Gonorrhea (AKA The Clap) Is Excellent At Resisting Antibiotics
by Rina Shaikh-Lesko / NPR
People like to make jokes about gonorrhea.
Maybe it’s because this sexually transmitted disease is known as “the clap” (perhaps a reference to the French term “clapier,” meaning brothel, or to an early treatment – clapping a heavy object on the man’s sexual organ to get discharge to come out).
See More Images Of Neisseria Gonorrhea
As the old (and not very funny) joke goes, “if you spread it around, is it called applause?”
But a new study illustrates why this sexually transmitted disease is no laughing matter. Neisseria gonorrhoeae, the bacterium that causes gonorrhea, is developing resistance to the antibiotics that have successfully treated it for decades.

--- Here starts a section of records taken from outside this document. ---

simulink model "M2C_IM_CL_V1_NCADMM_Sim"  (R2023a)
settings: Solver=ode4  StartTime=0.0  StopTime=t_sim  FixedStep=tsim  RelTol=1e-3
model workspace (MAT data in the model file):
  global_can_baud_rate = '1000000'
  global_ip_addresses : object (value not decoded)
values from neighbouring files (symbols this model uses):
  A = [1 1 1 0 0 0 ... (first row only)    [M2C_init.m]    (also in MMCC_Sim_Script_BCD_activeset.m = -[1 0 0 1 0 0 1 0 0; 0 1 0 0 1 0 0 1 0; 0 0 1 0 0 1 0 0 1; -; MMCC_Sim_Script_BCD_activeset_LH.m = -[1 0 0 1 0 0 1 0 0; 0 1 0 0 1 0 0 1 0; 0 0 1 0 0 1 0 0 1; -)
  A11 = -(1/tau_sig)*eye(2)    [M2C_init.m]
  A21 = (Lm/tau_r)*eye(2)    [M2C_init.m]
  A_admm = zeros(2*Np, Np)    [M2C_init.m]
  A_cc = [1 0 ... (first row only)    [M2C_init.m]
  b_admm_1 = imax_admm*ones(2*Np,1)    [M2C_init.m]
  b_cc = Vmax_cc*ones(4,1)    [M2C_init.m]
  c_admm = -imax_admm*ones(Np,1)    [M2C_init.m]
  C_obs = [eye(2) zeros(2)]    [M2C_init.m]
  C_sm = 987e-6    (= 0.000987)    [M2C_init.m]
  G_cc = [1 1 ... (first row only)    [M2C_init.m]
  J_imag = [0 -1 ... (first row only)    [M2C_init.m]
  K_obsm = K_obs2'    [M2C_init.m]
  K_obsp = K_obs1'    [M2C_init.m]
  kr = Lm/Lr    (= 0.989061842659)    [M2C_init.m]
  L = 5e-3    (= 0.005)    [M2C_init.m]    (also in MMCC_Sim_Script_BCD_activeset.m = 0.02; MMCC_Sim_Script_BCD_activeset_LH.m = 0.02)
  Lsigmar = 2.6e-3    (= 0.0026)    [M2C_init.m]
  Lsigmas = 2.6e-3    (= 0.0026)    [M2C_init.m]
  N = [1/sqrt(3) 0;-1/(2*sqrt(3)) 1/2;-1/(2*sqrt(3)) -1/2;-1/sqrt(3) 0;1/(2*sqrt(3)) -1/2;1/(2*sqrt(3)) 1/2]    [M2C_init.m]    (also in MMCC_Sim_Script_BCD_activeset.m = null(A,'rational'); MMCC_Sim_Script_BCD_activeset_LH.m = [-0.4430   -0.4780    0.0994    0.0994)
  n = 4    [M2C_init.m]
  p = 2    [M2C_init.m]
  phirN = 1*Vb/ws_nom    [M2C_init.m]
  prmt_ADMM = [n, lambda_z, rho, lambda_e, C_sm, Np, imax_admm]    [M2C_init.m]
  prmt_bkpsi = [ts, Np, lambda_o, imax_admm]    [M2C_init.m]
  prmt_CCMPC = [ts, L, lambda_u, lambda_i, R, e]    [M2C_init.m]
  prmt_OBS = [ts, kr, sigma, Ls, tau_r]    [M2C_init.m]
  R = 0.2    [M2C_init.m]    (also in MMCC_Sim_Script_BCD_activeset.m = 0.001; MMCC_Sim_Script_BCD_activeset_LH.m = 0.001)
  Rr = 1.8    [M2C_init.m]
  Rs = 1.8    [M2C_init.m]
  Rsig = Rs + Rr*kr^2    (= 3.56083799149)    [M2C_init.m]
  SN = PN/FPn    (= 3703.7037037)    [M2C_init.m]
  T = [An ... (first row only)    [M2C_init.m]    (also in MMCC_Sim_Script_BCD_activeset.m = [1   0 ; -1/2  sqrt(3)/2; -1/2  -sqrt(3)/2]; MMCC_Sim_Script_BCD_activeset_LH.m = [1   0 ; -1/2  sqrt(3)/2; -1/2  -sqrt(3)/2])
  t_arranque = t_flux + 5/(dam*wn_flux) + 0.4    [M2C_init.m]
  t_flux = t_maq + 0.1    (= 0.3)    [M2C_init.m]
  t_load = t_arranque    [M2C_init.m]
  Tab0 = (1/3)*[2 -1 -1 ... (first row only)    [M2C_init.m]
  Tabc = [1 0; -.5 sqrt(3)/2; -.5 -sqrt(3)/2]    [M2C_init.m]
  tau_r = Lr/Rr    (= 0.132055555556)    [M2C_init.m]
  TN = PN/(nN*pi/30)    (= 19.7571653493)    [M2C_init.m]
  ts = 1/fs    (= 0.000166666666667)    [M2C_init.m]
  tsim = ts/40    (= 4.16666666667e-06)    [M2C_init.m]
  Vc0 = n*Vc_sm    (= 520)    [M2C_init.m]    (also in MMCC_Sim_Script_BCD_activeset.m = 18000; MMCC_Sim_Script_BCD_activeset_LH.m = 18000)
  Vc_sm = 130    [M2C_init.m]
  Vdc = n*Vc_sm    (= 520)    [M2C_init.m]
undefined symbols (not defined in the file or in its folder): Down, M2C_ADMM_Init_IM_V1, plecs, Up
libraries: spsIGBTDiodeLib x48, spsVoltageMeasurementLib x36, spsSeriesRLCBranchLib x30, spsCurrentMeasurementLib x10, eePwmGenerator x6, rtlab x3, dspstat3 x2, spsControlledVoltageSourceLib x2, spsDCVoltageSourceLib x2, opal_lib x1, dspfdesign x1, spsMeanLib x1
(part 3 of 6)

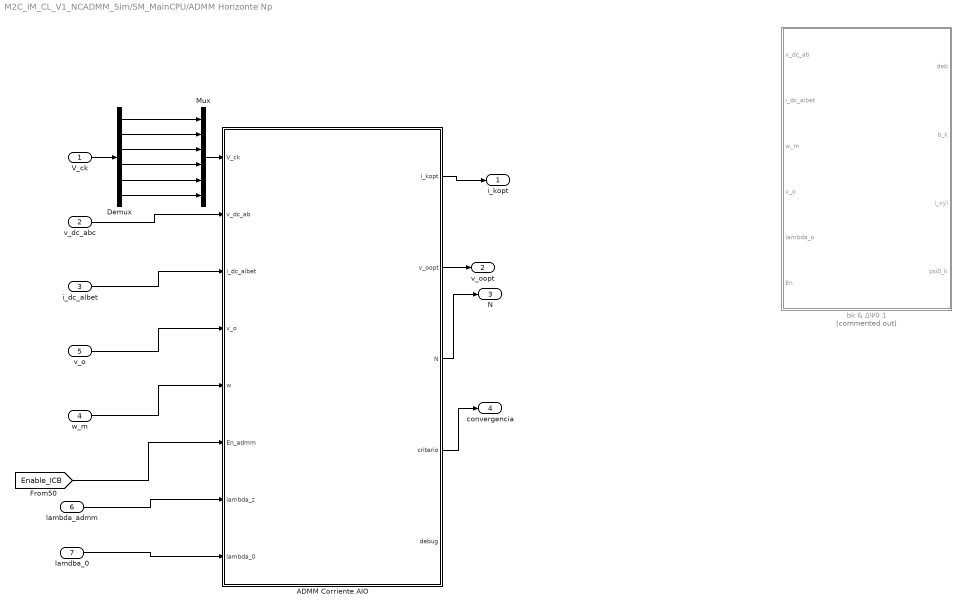
== system M2C_IM_CL_V1_NCADMM_Sim/SM_MainCPU/ADMM Horizonte Np ==
  V_ck : Inport
  v_dc_abc : Inport  Port=2
  i_dc_albet : Inport  Port=3
  w_m : Inport  Port=4
  v_o : Inport  Port=5
  lambda_admm : Inport  Port=6
  lamdba_0 : Inport  Port=7
  ADMM Corriente AIO : MATLAB Function  TreatAsAtomicUnit=on  SystemSampleTime=ts
  Demux : Demux  Outputs=6
  Mux : Mux  Inputs=6
  bk & ΔΨ0 1 : MATLAB Function  Commented=on  TreatAsAtomicUnit=on  SystemSampleTime=ts
  i_kopt : Outport
  v_oopt : Outport  Port=2
  N : Outport  Port=3
  convergencia : Outport  Port=4
  wires:
  V_ck/1 -> Demux/1
  Demux/1 -> Mux/1
  Demux/2 -> Mux/2
  Demux/3 -> Mux/3
  Demux/4 -> Mux/4
  Demux/5 -> Mux/5
  Demux/6 -> Mux/6
  v_o/1 -> ADMM Corriente AIO/4(v_o)
  i_dc_albet/1 -> ADMM Corriente AIO/3(i_dc_albet)
  v_dc_abc/1 -> ADMM Corriente AIO/2(v_dc_ab)
  ADMM Corriente AIO/1(i_kopt) -> i_kopt/1
  ADMM Corriente AIO/3(N) -> N/1
  ADMM Corriente AIO/4(criterio) -> convergencia/1
  [Enable_ICB] -> ADMM Corriente AIO/6(En_admm)
  w_m/1 -> ADMM Corriente AIO/5(w)
  Mux/1 -> ADMM Corriente AIO/1(V_ck)
  lambda_admm/1 -> ADMM Corriente AIO/7(lambda_z)
  lamdba_0/1 -> ADMM Corriente AIO/8(lambda_0)
  ADMM Corriente AIO/2(v_oopt) -> v_oopt/1

== system M2C_IM_CL_V1_NCADMM_Sim/SM_MainCPU/Corrientes ==
  1 : Inport
  2 : Inport  Port=2
  3 : Inport  Port=3
  4 : Inport  Port=4
  " 1 " : DataTypeConversion
  " 2 " : DataTypeConversion
  " 3 " : DataTypeConversion
  " 4 " : DataTypeConversion
  " InputMux " : Mux
  " S-Function " : S-Function  FunctionName=plecs  SFunctionDeploymentMode=off  EnableBusSupport=off
  wires:
  " InputMux "/1 -> " S-Function "/1
  1/1 -> " 1 "/1
  " 1 "/1 -> " InputMux "/1
  2/1 -> " 2 "/1
  " 2 "/1 -> " InputMux "/2
  3/1 -> " 3 "/1
  " 3 "/1 -> " InputMux "/3
  4/1 -> " 4 "/1
  " 4 "/1 -> " InputMux "/4

== system M2C_IM_CL_V1_NCADMM_Sim/SM_MainCPU/Entrada ==
  1 : Inport
  2 : Inport  Port=2
  " 1 " : DataTypeConversion
  " 2 " : DataTypeConversion
  " InputMux " : Mux  Inputs=2
  " S-Function " : S-Function  FunctionName=plecs  SFunctionDeploymentMode=off  EnableBusSupport=off
  wires:
  " InputMux "/1 -> " S-Function "/1
  1/1 -> " 1 "/1
  " 1 "/1 -> " InputMux "/1
  2/1 -> " 2 "/1
  " 2 "/1 -> " InputMux "/2

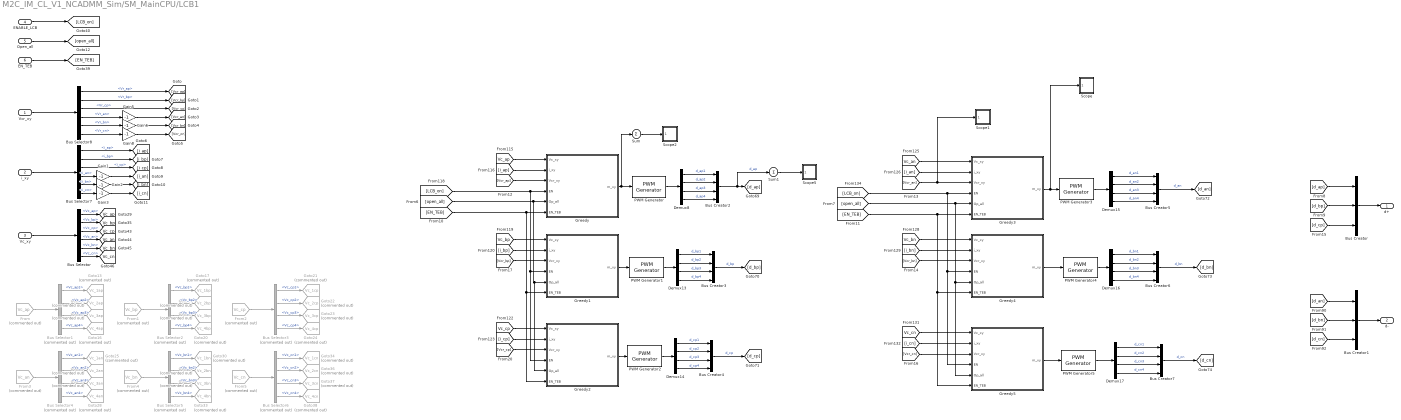
== system M2C_IM_CL_V1_NCADMM_Sim/SM_MainCPU/LCB1 ==
  Vcr_xy : Inport
  i_xy : Inport  Port=2
  Vc_xy : Inport  Port=3
  ENABLE_LCB : Inport  Port=4
  Open_all : Inport  Port=5
  EN_TEB : Inport  Port=6
  Bus Creator : BusCreator  Inputs=3
  Bus Creator1 : BusCreator  Inputs=3
  Bus Creator{2..7} (6 alike) : BusCreator  Inputs=4
  Bus Selector : BusSelector  OutputSignals=Vc_ap,Vc_bp,Vc_cp,Vc_an,Vc_bn,Vc_cn
  Bus Selector1 : BusSelector  Commented=on  OutputSignals=Vc_ap1,Vc_ap2,Vc_ap3,Vc_ap4
  Bus Selector2 : BusSelector  Commented=on  OutputSignals=Vc_bp1,Vc_bp2,Vc_bp3,Vc_bp4
  Bus Selector3 : BusSelector  Commented=on  OutputSignals=Vc_cp1,Vc_cp2,Vc_cp3,Vc_cp4
  Bus Selector4 : BusSelector  Commented=on  OutputSignals=Vc_an1,Vc_an2,Vc_an3,Vc_an4
  Bus Selector5 : BusSelector  Commented=on  OutputSignals=Vc_bn1,Vc_bn2,Vc_bn3,Vc_bn4
  Bus Selector6 : BusSelector  Commented=on  OutputSignals=Vc_cn1,Vc_cn2,Vc_cn3,Vc_cn4
  Bus Selector7 : BusSelector  OutputSignals=i_ap,i_bp,i_cp,i_an,i_bn,i_cn
  Bus Selector8 : BusSelector  OutputSignals=Vr_ap,Vr_bp,Vr_cp,Vr_an,Vr_bn,Vr_cn
  Demux{8,13..17} (6 alike) : Demux
  From : From  Commented=on  GotoTag=Vc_ap  TagVisibility=global
  From1 : From  Commented=on  GotoTag=Vc_bp  TagVisibility=global
  From2 : From  Commented=on  GotoTag=Vc_cp  TagVisibility=global
  From3 : From  Commented=on  GotoTag=Vc_an  TagVisibility=global
  From4 : From  Commented=on  GotoTag=Vc_bn  TagVisibility=global
  From5 : From  Commented=on  GotoTag=Vc_cn  TagVisibility=global
  Gain{1..3,5..6,8} (6 alike) : Gain  Gain=-1
  Goto13 : Goto  Commented=on  GotoTag=Vc_1ap  TagVisibility=global
  Goto14 : Goto  Commented=on  GotoTag=Vc_2ap  TagVisibility=global
  Goto15 : Goto  Commented=on  GotoTag=Vc_3ap  TagVisibility=global
  Goto16 : Goto  Commented=on  GotoTag=Vc_4ap  TagVisibility=global
  Goto17 : Goto  Commented=on  GotoTag=Vc_1bp  TagVisibility=global
  Goto18 : Goto  Commented=on  GotoTag=Vc_2bp  TagVisibility=global
  Goto19 : Goto  Commented=on  GotoTag=Vc_3bp  TagVisibility=global
  Goto20 : Goto  Commented=on  GotoTag=Vc_4bp  TagVisibility=global
  Goto21 : Goto  Commented=on  GotoTag=Vc_1cp  TagVisibility=global
  Goto22 : Goto  Commented=on  GotoTag=Vc_2cp  TagVisibility=global
  Goto23 : Goto  Commented=on  GotoTag=Vc_3cp  TagVisibility=global
  Goto24 : Goto  Commented=on  GotoTag=Vc_4cp  TagVisibility=global
  Goto25 : Goto  Commented=on  GotoTag=Vc_1an  TagVisibility=global
  Goto26 : Goto  Commented=on  GotoTag=Vc_2an  TagVisibility=global
  Goto27 : Goto  Commented=on  GotoTag=Vc_3an  TagVisibility=global
  Goto28 : Goto  Commented=on  GotoTag=Vc_4an  TagVisibility=global
  Goto30 : Goto  Commented=on  GotoTag=Vc_1bn  TagVisibility=global
  Goto31 : Goto  Commented=on  GotoTag=Vc_2bn  TagVisibility=global
  Goto32 : Goto  Commented=on  GotoTag=Vc_3bn  TagVisibility=global
  Goto33 : Goto  Commented=on  GotoTag=Vc_4bn  TagVisibility=global
  Goto34 : Goto  Commented=on  GotoTag=Vc_1cn  TagVisibility=global
  Goto36 : Goto  Commented=on  GotoTag=Vc_2cn  TagVisibility=global
  Goto37 : Goto  Commented=on  GotoTag=Vc_3cn  TagVisibility=global
  Goto38 : Goto  Commented=on  GotoTag=Vc_4cn  TagVisibility=global
  Greedy : MATLAB Function  TreatAsAtomicUnit=on
  Greedy1 : MATLAB Function  TreatAsAtomicUnit=on
  Greedy2 : MATLAB Function  TreatAsAtomicUnit=on
  Greedy3 : MATLAB Function  TreatAsAtomicUnit=on
  Greedy4 : MATLAB Function  TreatAsAtomicUnit=on
  Greedy5 : MATLAB Function  TreatAsAtomicUnit=on
  PWM Generator{,1..5} (6 alike) : eePwmGenerator/PWM Generator  CarrCount=Up-Down  Tper=ts*0.5  Tdelay=0  Ts=tsim
  Scope : Subsystem  LoadFcn=plecs('sl', 300);  InitFcn=plecs('sl', 314);  StartFcn=plecs('sl', 308);  StopFcn=plecs('sl', 309);  mask{Settings=<binary blob, 1052 chars, not shown>}
      mask init:
      | plecs('sl', 315);
      settings: CopyFcn=plecs('sl', 303);  DeleteFcn=plecs('sl', 305);  UndoDeleteFcn=plecs('sl', 306);  PreSaveFcn=plecs('sl', 311);  NameChangeFcn=plecs('sl', 310);  DestroyFcn=plecs('sl', 307);  OpenFcn=plecs('sl', 302);  ErrorFcn=plerrorfcn
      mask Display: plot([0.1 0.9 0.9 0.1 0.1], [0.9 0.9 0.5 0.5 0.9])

A global group of experts on sexually transmitted diseases published an article in the scientific journal, PLOS Medicine, outlining the challenges of drug-resistant gonorrhea. They surveyed 77 countries that participate in a global gonorrhea tracking program and found that more than 90 percent report some kind of antibiotic-resistant gonorrhea.
That’s bad news for patients. Because while gonorrhea doesn’t have the death toll that untreated HIV does — annual deaths from gonorrhea are about 2,300 — it still causes incalculable suffering. About 78 million adults contracted the disease in 2012, according to the World Health Organization. Symptoms include painful urination, itching and a pus-like discharge from the penis, vagina or anus, or a sore throat (in throat infections).